In the main programme are 29 works that an be experienced in person, at various venues across the city, with 21 world premieres.
The return of live in-person performances in Dublin from International theatre companies and artists includes work from Teatro Praga (Portugal), Sophia Teillet/L’Amicale (France), Tim Etchells (UK), Ant Hampton (Germany/UK), Lola Arias (Argentina) and Mats Staub (Switzerland).
The festival will have exciting new work and new ways of experiencing productions from many of Ireland’s leading artists. These include The First Child, the final instalment in the explosive opera trilogy by Donnacha Dennehy and Enda Walsh, presented by Landmark Productions and Irish National Opera.
Stepping between the early days of the Aids crisis and today’s LGBTQ+ community is the Gate’s Once Before I Go by Philip McMahon. ANU Productions and Landmark Productions collaborate for the first time to present The Book of Names, drawing on two 100-year old books. And Duck, Duck, Goose is a viscerally charged new play by Caitríona Daly from Fishamble: The New Play Company.
Stronger by Geoff Power, from Gúna Nua, deals with Restorative Justice. An Abbey Theatre and Royal Court Theatre coproduction is Sarah Hanly’s debut play Purple Snowflakes and Titty Wanks. The Application is a documentary about freelance theatre artists’ experiences of endlessly making applications by Gina Moxley.
Caitríona McLaughlin reunites with Marina Carr for iGIRL at the Abbey. Using VR headsets, the audience is immersed in an alternate digital world in Emperor 101 from The Performance Corporation. From Rough Magic comes the first full-length play by Robbie O'Connor, a tense, psychological thriller called GLUE.
United Fall's Night Dances sees Emma Martin collaborate with Daniel Black of Girl Band to create a dark and intense series of dance poems that express the invisible energetic, connective tissue that joins us.

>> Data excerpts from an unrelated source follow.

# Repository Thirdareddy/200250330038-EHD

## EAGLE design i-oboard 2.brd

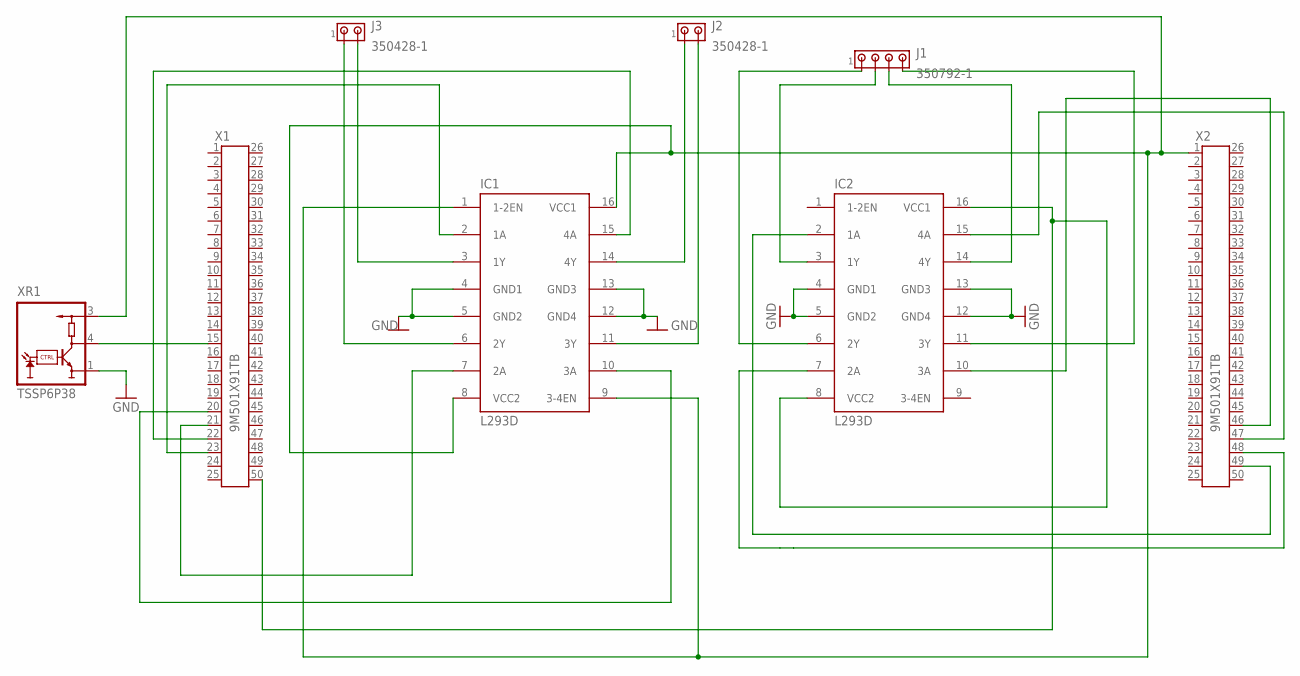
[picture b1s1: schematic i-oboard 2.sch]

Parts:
IC1, IC2: L293D; DIL16
J1: 350792-1
J2, J3: 350428-1
X1, X2: 9M501X91TB; 9M501X91
XR1: TSSP6P38

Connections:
GND: IC1.4 (GND1), IC1.5 (GND2), IC1.12 (GND4), IC1.13 (GND3), IC2.4 (GND1), IC2.5 (GND2), IC2.12 (GND4), IC2.13 (GND3), XR1.1 (GND)
unnamed: IC1.14 (4Y), J2.1
unnamed: IC1.11 (3Y), J2.2
unnamed: IC1.3 (1Y), J3.2
unnamed: IC1.6 (2Y), J3.1
unnamed: IC2.10 (3A), X2.46
unnamed: IC2.7 (2A), X2.48
unnamed: IC2.2 (1A), X2.49
unnamed: IC2.15 (4A), X2.47
unnamed: IC2.8 (VCC2), IC2.16 (VCC1), X1.50
unnamed: X1.15, XR1.4 (OUT)
unnamed: IC2.3 (1Y), J1.2
unnamed: IC2.6 (2Y), J1.1
unnamed: IC2.14 (4Y), J1.3
unnamed: IC2.11 (3Y), J1.4
unnamed: IC1.2 (1A), X1.23
unnamed: IC1.15 (4A), X1.22
unnamed: IC1.7 (2A), X1.21
unnamed: IC1.10 (3A), X1.20
unnamed: IC1.1 (1-2EN), IC1.8 (VCC2), IC1.9 (3-4EN), IC1.16 (VCC1), X2.1, XR1.3 (VS)

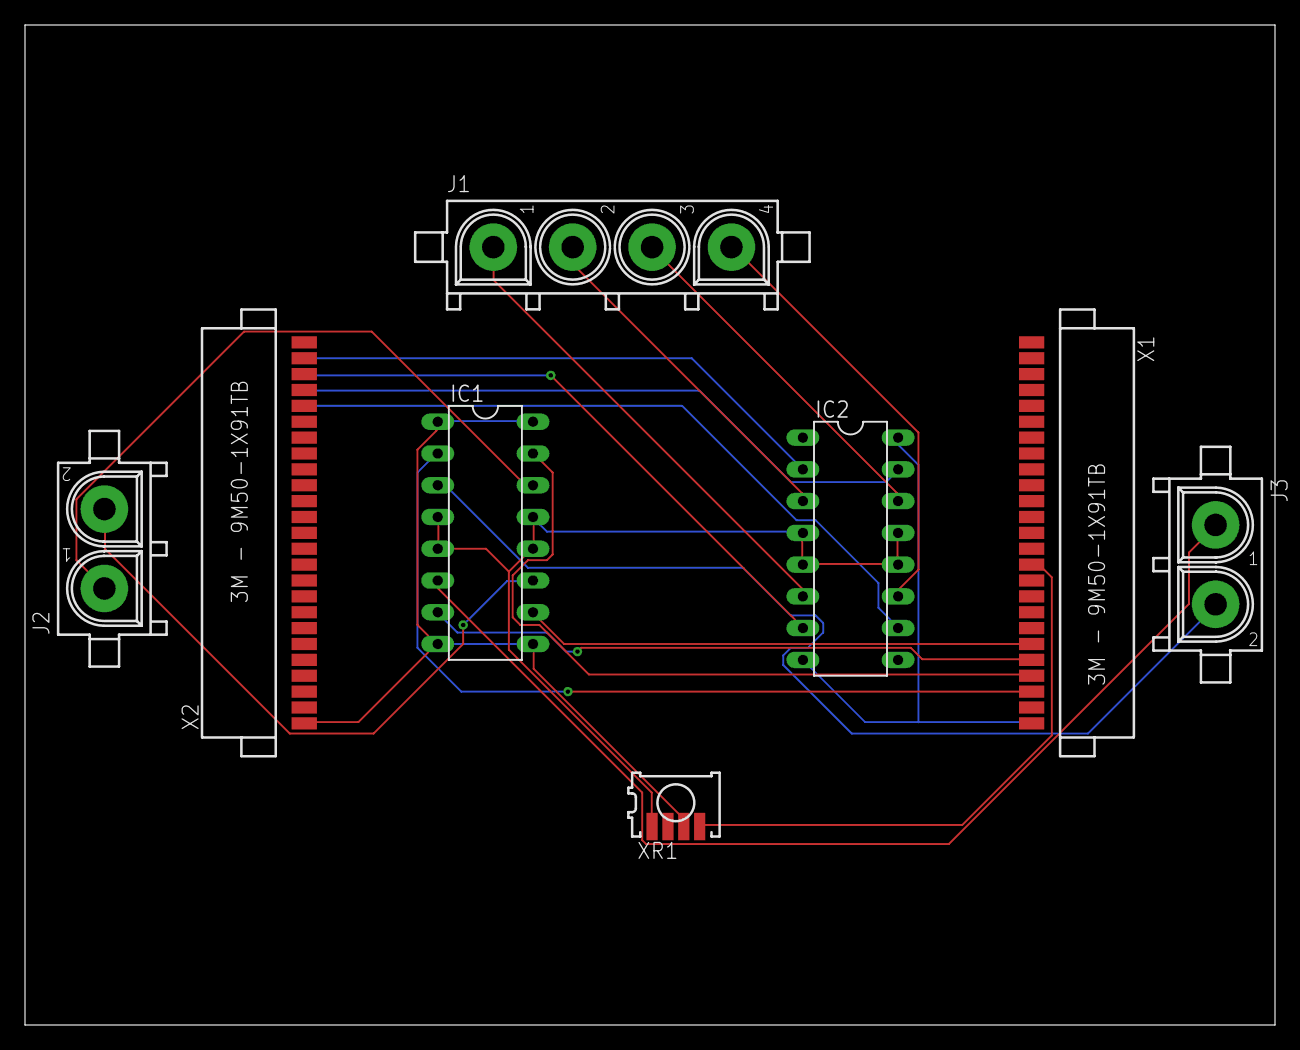
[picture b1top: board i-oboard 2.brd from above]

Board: 2 copper layers, 100.0 x 80.0 mm, 8 parts (0 on the bottom side), 20 nets.

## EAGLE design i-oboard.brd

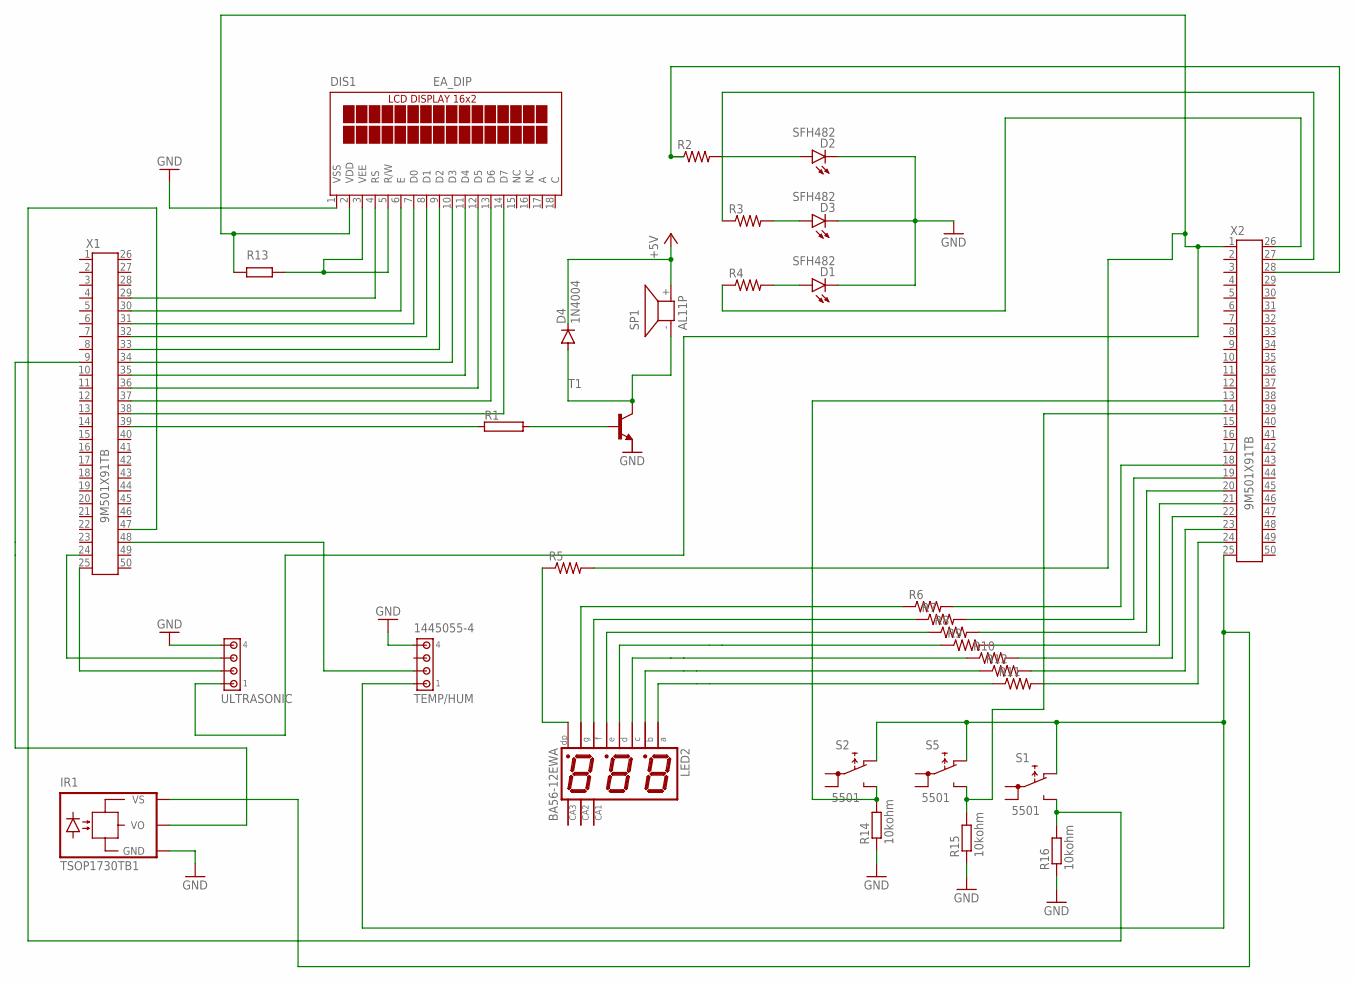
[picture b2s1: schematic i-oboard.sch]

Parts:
D1, D2, D3: SFH482
D4: 1N4004; DO41-10
DIS1: EA_DIP
IR1: TSOP1730TB1; TSOP17_TB1
LED2: BA56-12EWA; BX56-12
R1: RAC01; AC01
R2, R3, R4, R5, R6, R7, R8, R9, R10, R11, R12: R-US_0204/2V; 0204V
R14, R15, R16: 10kohm; 0204V
S1, S2, S5: 5501
SP1: AL11P
T1: -NPN-SOT23-EBC; SOT23-EBC
TEMP/HUM: 1445055-4
ULTRASONIC: 1445055-4
X1, X2: 9M501X91TB; 9M501X91

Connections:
+5V: D4.C, SP1.+ (2)
GND: D1.K (C), D2.K (C), D3.K (C), DIS1.1 (VSS), IR1.GND, R14.1, R15.1, R16.1, TEMP/HUM.4, ULTRASONIC.4
unnamed: LED2.5 (G), R6.1
unnamed: DIS1.7 (D0), X1.31
unnamed: DIS1.8 (D1), X1.32
unnamed: DIS1.9 (D2), X1.33
unnamed: DIS1.10 (D3), X1.34
unnamed: DIS1.11 (D4), X1.35
unnamed: DIS1.12 (D5), X1.36
unnamed: DIS1.13 (D6), X1.37
unnamed: D4.A, SP1.- (1), T1.C
unnamed: DIS1.14 (D7), X1.38
unnamed: DIS1.6 (E), X1.30
unnamed: DIS1.4 (RS), X1.29
unnamed: DIS1.3 (VEE), DIS1.5 (R/W)
unnamed: R1.2, T1.B
unnamed: R1.1, X1.39
unnamed: R4.1, X2.26
unnamed: R3.1, X2.27
unnamed: D2.A, R2.2
unnamed: D3.A, R3.2
unnamed: D1.A, R4.2
unnamed: R11.2, X2.24
unnamed: R12.2, X2.23
unnamed: R10.2, X2.22
unnamed: R9.2, X2.21
unnamed: R8.2, X2.20
unnamed: R7.2, X2.19
unnamed: R6.2, X2.18
unnamed: LED2.3 (DP), R5.1
unnamed: LED2.10 (F), R7.1
unnamed: ULTRASONIC.2, X1.25
unnamed: DIS1.2 (VDD), R5.2, ULTRASONIC.1, X2.1
unnamed: LED2.1 (E), R8.1
unnamed: LED2.2 (D), R9.1
unnamed: LED2.4 (C), R10.1
unnamed: LED2.7 (B), R12.1
unnamed: LED2.11 (A), R11.1
unnamed: ULTRASONIC.3, X1.24
unnamed: R15.2, S5.NO, X2.14
unnamed: R2.1, X2.28
unnamed: TEMP/HUM.2, X1.48
unnamed: IR1.VS, S1.NC, S2.NC, S5.NC, TEMP/HUM.1, X2.25
unnamed: R14.2, S2.NO, X2.13
unnamed: R16.2, S1.NO, X1.47
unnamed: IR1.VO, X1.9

From Axis Ballymun is TKB’s new play, Rearing Is Sparing, a love letter to the mothers of Dublin’s North Inner City and beyond.
Pan Pan’s The First Bad Men is the story of a book club members’ encounter with the characters in a novel. A fierce parable by Éadaoin O’Donoghue, Heart of a Dog from The Everyman, Civic Theatre and John O’Brien, transplants Mikhail Bulgakov’s novel. From CoisCéim, reality, imagination and family lore collide in a touching new dance duet, Uncle Ray, by David Bolger.
The first chance to see live in-person What Did I Miss? from The Ark and Dublin Theatre Festival offers a window into one child’s experience of the first lockdown 2020. Beckett specialists Gare St Lazare Ireland offer audiences the chance to experience for the first time in one (online) sitting all three parts of Beckett’s towering novel How It Is.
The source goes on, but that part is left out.